> What needs to be done
Transcribe the stretch of entries below from the line with "unnamed: P2.7, Q17.2 (B)" through the line with "unnamed: Q6.1 (E), R29.1", exactly and with both ends included; leave out all other lines.

> Source records

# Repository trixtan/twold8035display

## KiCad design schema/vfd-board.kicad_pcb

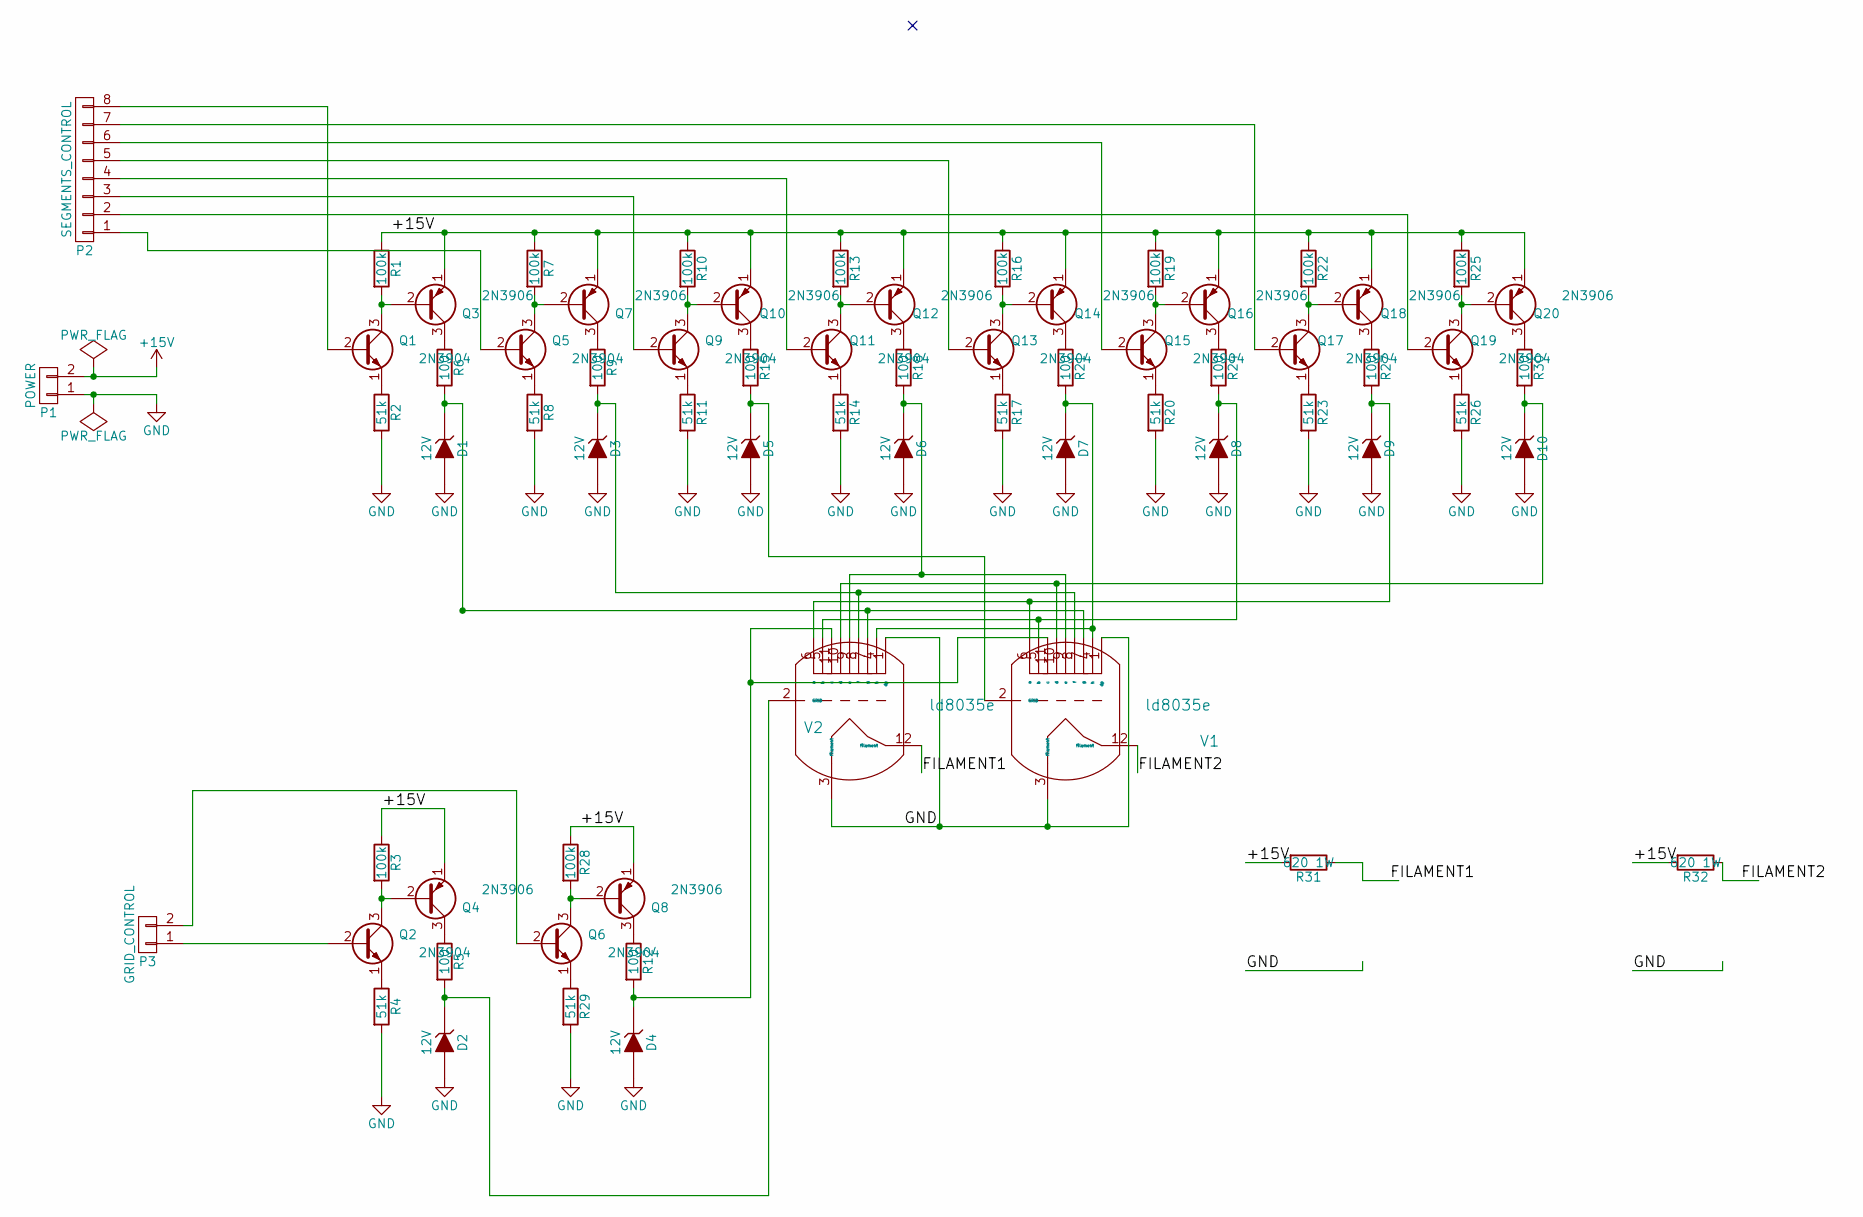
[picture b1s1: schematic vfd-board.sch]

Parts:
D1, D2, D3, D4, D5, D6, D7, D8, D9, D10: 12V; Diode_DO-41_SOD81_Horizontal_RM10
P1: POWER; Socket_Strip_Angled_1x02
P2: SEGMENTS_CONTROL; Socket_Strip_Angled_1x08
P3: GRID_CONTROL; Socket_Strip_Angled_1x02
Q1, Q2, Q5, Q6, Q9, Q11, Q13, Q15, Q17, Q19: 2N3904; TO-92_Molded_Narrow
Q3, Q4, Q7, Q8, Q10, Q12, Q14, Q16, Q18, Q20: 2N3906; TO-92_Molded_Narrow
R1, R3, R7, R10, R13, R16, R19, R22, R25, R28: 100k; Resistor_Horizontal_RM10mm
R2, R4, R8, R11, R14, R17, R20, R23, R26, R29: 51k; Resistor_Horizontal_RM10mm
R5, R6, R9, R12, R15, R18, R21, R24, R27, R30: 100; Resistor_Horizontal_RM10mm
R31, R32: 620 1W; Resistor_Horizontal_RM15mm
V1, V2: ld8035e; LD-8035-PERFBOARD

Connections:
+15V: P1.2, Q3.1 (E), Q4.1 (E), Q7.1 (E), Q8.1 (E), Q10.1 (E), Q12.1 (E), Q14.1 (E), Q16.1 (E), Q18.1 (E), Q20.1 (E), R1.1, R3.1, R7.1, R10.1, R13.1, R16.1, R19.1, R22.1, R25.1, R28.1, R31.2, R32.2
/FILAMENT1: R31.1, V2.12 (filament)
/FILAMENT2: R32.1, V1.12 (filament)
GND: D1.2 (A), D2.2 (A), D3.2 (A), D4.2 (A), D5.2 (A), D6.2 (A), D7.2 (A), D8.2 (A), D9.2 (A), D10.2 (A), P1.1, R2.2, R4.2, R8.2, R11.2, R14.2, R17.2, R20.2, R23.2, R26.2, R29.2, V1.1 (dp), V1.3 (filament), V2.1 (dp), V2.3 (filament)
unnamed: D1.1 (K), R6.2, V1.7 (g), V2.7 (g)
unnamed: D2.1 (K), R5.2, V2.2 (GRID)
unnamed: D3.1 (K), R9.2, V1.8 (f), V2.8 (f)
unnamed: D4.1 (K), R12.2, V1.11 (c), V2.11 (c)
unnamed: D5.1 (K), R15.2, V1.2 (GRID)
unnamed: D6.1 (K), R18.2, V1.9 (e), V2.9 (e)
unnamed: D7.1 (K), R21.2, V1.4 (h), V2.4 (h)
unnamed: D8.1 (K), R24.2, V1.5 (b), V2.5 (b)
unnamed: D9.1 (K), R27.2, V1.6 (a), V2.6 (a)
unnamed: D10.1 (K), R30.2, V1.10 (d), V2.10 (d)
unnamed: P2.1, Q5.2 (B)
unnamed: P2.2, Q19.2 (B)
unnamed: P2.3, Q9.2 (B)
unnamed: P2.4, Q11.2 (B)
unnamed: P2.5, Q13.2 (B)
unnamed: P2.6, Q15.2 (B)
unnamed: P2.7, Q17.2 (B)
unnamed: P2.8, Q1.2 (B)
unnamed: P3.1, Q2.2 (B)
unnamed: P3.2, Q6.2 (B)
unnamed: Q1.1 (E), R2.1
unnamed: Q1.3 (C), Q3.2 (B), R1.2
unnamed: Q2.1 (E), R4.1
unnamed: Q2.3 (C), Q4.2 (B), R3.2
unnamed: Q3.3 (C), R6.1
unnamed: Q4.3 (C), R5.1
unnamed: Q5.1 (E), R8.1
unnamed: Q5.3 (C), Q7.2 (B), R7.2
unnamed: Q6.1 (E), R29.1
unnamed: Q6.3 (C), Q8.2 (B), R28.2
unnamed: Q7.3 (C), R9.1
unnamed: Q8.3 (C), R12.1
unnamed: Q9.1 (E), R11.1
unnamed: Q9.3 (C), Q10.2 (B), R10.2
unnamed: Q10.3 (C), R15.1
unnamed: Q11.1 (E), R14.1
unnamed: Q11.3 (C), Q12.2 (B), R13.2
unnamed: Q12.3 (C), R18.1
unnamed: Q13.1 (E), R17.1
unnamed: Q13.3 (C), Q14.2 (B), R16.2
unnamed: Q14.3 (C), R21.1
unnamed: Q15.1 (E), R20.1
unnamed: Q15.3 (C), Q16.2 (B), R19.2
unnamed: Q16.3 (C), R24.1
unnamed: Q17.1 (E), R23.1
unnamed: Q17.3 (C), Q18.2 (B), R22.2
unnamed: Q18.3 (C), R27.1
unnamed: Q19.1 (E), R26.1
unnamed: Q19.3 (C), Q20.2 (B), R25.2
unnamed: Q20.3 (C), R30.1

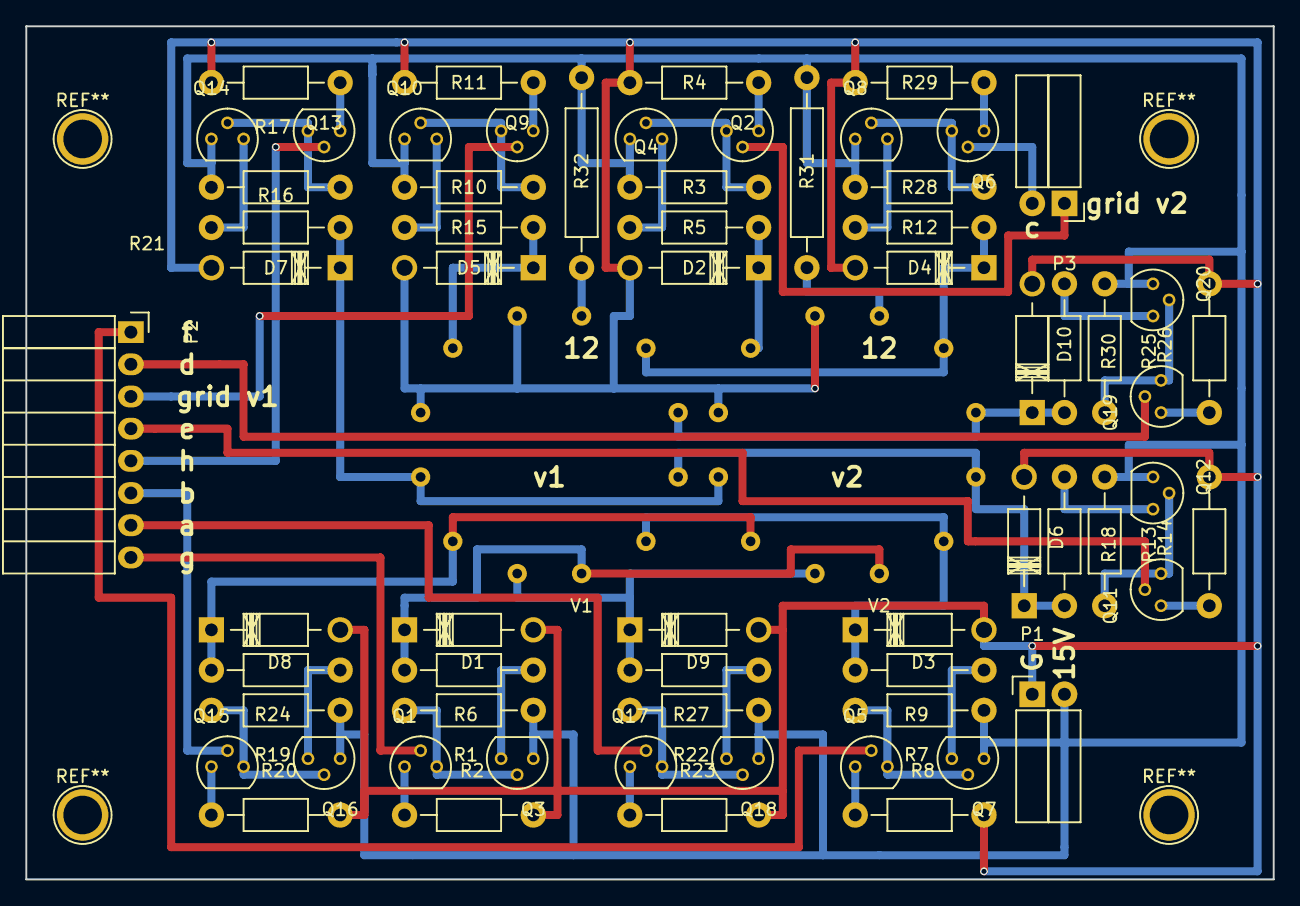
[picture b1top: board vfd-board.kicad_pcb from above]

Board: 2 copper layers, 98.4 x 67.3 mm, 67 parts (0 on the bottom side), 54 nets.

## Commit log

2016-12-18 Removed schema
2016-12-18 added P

> Task result
unnamed: P2.7, Q17.2 (B)
unnamed: P2.8, Q1.2 (B)
unnamed: P3.1, Q2.2 (B)
unnamed: P3.2, Q6.2 (B)
unnamed: Q1.1 (E), R2.1
unnamed: Q1.3 (C), Q3.2 (B), R1.2
unnamed: Q2.1 (E), R4.1
unnamed: Q2.3 (C), Q4.2 (B), R3.2
unnamed: Q3.3 (C), R6.1
unnamed: Q4.3 (C), R5.1
unnamed: Q5.1 (E), R8.1
unnamed: Q5.3 (C), Q7.2 (B), R7.2
unnamed: Q6.1 (E), R29.1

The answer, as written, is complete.